▶ _Exercise brief_
Repeat nothing but the lines below running from the one containing "#154=DIRECTION('',(1.,0.,0.));" to the one containing "#175=CARTESIAN_POINT('',(30.,20.,40.));". Keep both end lines.

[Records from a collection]

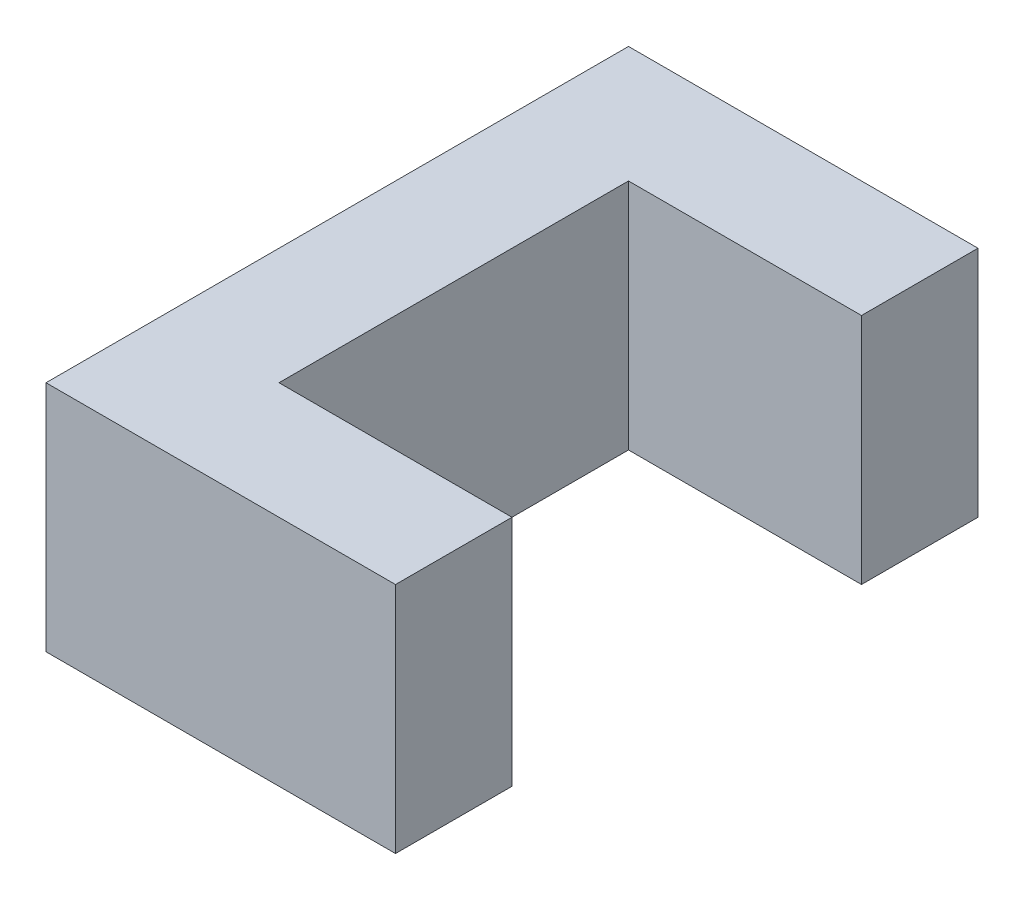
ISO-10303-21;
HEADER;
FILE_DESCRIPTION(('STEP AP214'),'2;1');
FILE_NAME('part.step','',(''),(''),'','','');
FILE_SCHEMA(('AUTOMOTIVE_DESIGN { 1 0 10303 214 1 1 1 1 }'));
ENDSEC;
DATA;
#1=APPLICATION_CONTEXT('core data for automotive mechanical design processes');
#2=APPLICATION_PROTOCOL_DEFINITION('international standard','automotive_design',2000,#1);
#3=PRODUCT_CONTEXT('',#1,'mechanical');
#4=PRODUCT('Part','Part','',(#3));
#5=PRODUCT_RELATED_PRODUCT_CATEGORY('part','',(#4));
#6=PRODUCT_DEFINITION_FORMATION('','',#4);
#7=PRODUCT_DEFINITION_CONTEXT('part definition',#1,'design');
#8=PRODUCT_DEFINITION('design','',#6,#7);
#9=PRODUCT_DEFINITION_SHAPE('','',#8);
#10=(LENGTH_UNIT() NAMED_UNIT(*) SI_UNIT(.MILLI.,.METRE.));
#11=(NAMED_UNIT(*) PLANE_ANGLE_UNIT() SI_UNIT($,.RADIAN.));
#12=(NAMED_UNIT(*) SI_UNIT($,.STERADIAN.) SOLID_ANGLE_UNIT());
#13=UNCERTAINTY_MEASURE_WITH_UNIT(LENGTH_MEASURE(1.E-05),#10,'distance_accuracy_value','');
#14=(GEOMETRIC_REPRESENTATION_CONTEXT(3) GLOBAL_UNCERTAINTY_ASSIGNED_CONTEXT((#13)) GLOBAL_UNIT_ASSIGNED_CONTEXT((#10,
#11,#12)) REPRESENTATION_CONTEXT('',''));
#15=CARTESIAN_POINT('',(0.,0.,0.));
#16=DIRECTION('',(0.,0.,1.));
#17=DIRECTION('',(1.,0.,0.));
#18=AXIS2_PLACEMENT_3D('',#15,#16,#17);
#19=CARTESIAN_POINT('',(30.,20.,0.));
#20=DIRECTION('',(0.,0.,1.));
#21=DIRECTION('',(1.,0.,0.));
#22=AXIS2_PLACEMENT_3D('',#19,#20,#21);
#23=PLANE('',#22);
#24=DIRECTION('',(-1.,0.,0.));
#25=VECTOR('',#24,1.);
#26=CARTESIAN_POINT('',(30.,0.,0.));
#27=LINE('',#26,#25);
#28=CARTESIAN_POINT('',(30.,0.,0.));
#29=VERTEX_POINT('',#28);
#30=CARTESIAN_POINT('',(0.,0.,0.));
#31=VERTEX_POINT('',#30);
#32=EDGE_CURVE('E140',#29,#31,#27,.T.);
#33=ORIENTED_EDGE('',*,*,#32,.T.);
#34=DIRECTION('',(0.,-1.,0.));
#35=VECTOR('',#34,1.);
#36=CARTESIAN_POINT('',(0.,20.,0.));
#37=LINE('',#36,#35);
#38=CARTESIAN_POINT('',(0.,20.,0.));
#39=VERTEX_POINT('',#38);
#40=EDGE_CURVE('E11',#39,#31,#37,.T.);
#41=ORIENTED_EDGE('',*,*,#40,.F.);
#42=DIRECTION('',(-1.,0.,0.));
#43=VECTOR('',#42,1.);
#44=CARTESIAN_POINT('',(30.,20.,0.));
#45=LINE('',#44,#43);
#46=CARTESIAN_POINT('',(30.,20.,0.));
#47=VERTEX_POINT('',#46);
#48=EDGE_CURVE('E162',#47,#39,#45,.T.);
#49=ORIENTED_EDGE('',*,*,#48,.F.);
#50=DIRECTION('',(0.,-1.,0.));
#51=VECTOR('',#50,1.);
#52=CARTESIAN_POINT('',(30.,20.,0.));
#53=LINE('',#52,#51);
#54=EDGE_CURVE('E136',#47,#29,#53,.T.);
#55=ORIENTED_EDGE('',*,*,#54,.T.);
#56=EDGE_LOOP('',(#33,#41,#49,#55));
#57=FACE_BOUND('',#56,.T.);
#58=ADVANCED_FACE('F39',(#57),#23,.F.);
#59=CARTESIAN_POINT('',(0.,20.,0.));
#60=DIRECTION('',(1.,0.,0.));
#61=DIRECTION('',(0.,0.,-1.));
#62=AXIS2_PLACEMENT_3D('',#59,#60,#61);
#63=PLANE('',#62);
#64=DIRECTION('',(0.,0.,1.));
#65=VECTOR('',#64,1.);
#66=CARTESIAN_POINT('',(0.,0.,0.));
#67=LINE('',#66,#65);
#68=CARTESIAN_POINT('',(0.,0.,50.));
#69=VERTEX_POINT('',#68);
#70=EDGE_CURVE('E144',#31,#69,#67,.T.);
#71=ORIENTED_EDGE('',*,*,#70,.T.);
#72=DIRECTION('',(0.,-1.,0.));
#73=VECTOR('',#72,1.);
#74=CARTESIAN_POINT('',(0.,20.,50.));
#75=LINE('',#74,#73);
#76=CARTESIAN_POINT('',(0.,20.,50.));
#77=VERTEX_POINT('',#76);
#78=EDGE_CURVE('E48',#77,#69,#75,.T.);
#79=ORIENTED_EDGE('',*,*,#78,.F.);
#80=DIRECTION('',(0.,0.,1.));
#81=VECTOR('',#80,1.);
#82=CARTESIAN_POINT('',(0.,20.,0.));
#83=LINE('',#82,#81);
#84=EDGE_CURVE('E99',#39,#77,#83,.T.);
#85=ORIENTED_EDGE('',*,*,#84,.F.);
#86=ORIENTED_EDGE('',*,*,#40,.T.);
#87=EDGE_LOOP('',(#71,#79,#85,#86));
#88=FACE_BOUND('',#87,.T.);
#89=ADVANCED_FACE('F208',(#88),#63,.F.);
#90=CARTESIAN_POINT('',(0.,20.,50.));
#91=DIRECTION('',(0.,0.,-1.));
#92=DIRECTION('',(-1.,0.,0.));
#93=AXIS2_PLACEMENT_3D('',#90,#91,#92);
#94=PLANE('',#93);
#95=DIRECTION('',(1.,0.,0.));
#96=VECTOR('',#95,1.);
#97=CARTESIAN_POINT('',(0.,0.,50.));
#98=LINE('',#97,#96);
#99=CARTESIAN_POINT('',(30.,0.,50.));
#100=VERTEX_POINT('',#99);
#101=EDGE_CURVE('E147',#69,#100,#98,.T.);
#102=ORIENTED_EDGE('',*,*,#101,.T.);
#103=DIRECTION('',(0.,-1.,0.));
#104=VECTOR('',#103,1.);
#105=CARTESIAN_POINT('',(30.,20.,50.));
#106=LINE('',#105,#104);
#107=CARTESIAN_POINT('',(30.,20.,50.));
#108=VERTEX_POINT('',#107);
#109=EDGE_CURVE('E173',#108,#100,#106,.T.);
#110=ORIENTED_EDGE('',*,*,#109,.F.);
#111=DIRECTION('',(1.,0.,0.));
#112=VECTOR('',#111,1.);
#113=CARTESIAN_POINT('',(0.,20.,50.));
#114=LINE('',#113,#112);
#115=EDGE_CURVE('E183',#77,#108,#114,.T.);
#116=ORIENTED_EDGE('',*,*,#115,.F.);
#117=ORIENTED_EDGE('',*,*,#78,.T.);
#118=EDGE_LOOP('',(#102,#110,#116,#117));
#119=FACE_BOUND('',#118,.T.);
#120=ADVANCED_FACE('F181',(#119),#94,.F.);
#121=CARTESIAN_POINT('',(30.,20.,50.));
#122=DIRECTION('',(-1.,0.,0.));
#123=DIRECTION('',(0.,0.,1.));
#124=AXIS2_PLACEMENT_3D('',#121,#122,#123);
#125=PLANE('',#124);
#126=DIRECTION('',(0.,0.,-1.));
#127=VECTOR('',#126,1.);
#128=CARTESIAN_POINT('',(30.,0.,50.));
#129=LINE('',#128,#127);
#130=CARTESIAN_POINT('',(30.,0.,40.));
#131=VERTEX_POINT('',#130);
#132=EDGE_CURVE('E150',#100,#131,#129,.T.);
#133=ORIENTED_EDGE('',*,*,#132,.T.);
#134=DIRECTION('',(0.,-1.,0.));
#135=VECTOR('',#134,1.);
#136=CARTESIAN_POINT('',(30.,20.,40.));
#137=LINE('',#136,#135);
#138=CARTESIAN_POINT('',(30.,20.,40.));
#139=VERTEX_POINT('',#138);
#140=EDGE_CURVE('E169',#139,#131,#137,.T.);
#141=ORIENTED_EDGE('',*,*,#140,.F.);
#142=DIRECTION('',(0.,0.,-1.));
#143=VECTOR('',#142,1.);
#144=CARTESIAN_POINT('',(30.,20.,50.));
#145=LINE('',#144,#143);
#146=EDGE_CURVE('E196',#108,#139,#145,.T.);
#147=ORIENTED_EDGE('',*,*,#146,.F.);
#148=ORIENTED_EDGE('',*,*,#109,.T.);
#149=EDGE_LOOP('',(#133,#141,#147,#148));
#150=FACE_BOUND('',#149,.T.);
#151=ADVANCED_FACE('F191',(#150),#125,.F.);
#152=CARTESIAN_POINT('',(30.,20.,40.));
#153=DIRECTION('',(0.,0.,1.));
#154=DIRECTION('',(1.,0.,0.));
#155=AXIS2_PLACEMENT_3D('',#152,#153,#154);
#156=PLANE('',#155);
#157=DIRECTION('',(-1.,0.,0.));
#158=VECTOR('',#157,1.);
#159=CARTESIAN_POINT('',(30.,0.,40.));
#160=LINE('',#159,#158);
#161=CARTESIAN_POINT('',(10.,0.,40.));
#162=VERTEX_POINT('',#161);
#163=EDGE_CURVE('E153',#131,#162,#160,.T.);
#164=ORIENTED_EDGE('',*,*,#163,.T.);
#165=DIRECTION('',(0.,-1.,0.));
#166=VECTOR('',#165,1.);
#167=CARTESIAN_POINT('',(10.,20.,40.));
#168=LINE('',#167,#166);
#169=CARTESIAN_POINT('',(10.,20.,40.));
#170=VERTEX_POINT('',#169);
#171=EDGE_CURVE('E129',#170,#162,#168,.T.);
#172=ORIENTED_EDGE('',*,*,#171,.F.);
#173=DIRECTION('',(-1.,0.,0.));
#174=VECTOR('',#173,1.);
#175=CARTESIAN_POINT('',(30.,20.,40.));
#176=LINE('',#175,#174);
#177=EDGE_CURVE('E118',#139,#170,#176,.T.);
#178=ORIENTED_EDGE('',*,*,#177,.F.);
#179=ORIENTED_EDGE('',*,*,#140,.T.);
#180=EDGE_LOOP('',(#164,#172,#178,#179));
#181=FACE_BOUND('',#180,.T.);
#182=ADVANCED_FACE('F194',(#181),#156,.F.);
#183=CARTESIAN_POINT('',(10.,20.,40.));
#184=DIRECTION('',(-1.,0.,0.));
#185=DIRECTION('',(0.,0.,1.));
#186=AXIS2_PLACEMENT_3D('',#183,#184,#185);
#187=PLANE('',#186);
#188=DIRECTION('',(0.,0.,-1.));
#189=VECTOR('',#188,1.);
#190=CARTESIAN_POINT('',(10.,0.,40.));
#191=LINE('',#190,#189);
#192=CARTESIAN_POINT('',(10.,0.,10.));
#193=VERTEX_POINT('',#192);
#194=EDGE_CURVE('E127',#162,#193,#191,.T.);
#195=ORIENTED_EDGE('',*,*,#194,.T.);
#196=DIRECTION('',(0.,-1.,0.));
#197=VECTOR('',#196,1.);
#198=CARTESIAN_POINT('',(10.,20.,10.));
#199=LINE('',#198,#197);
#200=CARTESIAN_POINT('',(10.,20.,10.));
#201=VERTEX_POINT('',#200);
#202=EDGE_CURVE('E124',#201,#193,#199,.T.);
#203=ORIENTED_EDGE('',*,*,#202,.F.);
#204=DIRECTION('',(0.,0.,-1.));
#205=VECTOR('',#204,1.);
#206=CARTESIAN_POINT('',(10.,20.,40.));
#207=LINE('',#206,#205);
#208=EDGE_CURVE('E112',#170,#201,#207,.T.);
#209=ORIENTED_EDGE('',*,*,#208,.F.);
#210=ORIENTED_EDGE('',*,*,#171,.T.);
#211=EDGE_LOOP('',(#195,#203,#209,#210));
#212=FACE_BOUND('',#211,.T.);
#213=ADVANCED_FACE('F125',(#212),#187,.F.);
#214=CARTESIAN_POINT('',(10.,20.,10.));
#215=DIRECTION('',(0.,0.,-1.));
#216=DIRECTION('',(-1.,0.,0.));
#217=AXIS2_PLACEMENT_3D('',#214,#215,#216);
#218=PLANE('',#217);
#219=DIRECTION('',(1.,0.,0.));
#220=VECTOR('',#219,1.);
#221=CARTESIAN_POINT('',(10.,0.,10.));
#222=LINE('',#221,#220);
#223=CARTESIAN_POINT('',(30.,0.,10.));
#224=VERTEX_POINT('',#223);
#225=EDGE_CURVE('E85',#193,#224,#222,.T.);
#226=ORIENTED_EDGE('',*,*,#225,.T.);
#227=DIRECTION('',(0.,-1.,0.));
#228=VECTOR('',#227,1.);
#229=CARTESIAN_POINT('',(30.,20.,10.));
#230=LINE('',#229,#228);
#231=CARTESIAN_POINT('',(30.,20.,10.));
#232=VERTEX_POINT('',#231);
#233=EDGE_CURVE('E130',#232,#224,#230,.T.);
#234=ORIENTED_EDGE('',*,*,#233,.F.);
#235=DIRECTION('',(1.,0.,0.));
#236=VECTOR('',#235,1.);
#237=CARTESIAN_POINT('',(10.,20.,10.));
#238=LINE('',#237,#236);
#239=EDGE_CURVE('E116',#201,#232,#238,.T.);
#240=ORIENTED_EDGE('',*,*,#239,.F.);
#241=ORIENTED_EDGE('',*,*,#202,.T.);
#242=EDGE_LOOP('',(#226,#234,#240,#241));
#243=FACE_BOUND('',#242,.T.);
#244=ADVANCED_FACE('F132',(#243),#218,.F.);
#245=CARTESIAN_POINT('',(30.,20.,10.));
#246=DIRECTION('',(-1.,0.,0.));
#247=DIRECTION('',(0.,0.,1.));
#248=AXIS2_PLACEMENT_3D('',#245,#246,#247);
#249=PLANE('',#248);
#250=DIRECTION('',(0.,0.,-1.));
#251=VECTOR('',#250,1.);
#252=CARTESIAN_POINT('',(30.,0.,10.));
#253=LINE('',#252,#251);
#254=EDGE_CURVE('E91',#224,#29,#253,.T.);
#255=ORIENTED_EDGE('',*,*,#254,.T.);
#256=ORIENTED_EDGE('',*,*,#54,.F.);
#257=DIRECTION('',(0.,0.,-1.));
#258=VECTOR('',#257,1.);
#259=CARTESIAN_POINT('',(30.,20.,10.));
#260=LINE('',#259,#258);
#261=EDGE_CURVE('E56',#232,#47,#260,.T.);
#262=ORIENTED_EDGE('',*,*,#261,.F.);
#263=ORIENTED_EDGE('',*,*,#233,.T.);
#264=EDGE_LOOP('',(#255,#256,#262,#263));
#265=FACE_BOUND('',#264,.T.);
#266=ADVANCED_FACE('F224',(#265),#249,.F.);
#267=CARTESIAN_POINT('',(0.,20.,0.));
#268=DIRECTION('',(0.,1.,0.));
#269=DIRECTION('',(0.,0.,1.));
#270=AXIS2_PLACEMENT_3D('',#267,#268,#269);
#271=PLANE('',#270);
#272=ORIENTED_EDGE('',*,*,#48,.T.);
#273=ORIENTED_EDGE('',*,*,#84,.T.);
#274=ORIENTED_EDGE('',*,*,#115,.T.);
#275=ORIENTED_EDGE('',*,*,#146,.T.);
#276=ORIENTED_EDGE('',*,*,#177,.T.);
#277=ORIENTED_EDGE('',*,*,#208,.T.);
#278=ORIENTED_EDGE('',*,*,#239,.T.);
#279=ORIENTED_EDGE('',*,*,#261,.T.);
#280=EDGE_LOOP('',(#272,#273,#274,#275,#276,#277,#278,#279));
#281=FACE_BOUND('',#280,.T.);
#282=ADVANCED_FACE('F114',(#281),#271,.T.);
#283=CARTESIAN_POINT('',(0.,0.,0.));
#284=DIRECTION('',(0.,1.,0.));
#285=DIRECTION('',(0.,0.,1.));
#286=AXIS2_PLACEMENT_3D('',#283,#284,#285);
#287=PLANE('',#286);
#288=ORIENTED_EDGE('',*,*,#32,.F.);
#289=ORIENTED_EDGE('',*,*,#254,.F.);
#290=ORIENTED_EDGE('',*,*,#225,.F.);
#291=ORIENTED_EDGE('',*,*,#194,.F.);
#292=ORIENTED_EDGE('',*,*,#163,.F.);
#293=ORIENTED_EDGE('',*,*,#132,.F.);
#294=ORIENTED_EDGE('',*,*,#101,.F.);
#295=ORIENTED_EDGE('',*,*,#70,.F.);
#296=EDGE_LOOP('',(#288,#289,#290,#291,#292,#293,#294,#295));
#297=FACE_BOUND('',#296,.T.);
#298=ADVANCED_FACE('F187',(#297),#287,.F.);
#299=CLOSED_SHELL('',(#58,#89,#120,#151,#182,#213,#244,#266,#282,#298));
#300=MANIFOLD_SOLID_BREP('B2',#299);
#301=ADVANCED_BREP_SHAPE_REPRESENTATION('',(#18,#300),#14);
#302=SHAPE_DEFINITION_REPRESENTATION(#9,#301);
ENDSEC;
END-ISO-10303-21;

▶ _Solution for this exercise_
#154=DIRECTION('',(1.,0.,0.));
#155=AXIS2_PLACEMENT_3D('',#152,#153,#154);
#156=PLANE('',#155);
#157=DIRECTION('',(-1.,0.,0.));
#158=VECTOR('',#157,1.);
#159=CARTESIAN_POINT('',(30.,0.,40.));
#160=LINE('',#159,#158);
#161=CARTESIAN_POINT('',(10.,0.,40.));
#162=VERTEX_POINT('',#161);
#163=EDGE_CURVE('E153',#131,#162,#160,.T.);
#164=ORIENTED_EDGE('',*,*,#163,.T.);
#165=DIRECTION('',(0.,-1.,0.));
#166=VECTOR('',#165,1.);
#167=CARTESIAN_POINT('',(10.,20.,40.));
#168=LINE('',#167,#166);
#169=CARTESIAN_POINT('',(10.,20.,40.));
#170=VERTEX_POINT('',#169);
#171=EDGE_CURVE('E129',#170,#162,#168,.T.);
#172=ORIENTED_EDGE('',*,*,#171,.F.);
#173=DIRECTION('',(-1.,0.,0.));
#174=VECTOR('',#173,1.);
#175=CARTESIAN_POINT('',(30.,20.,40.));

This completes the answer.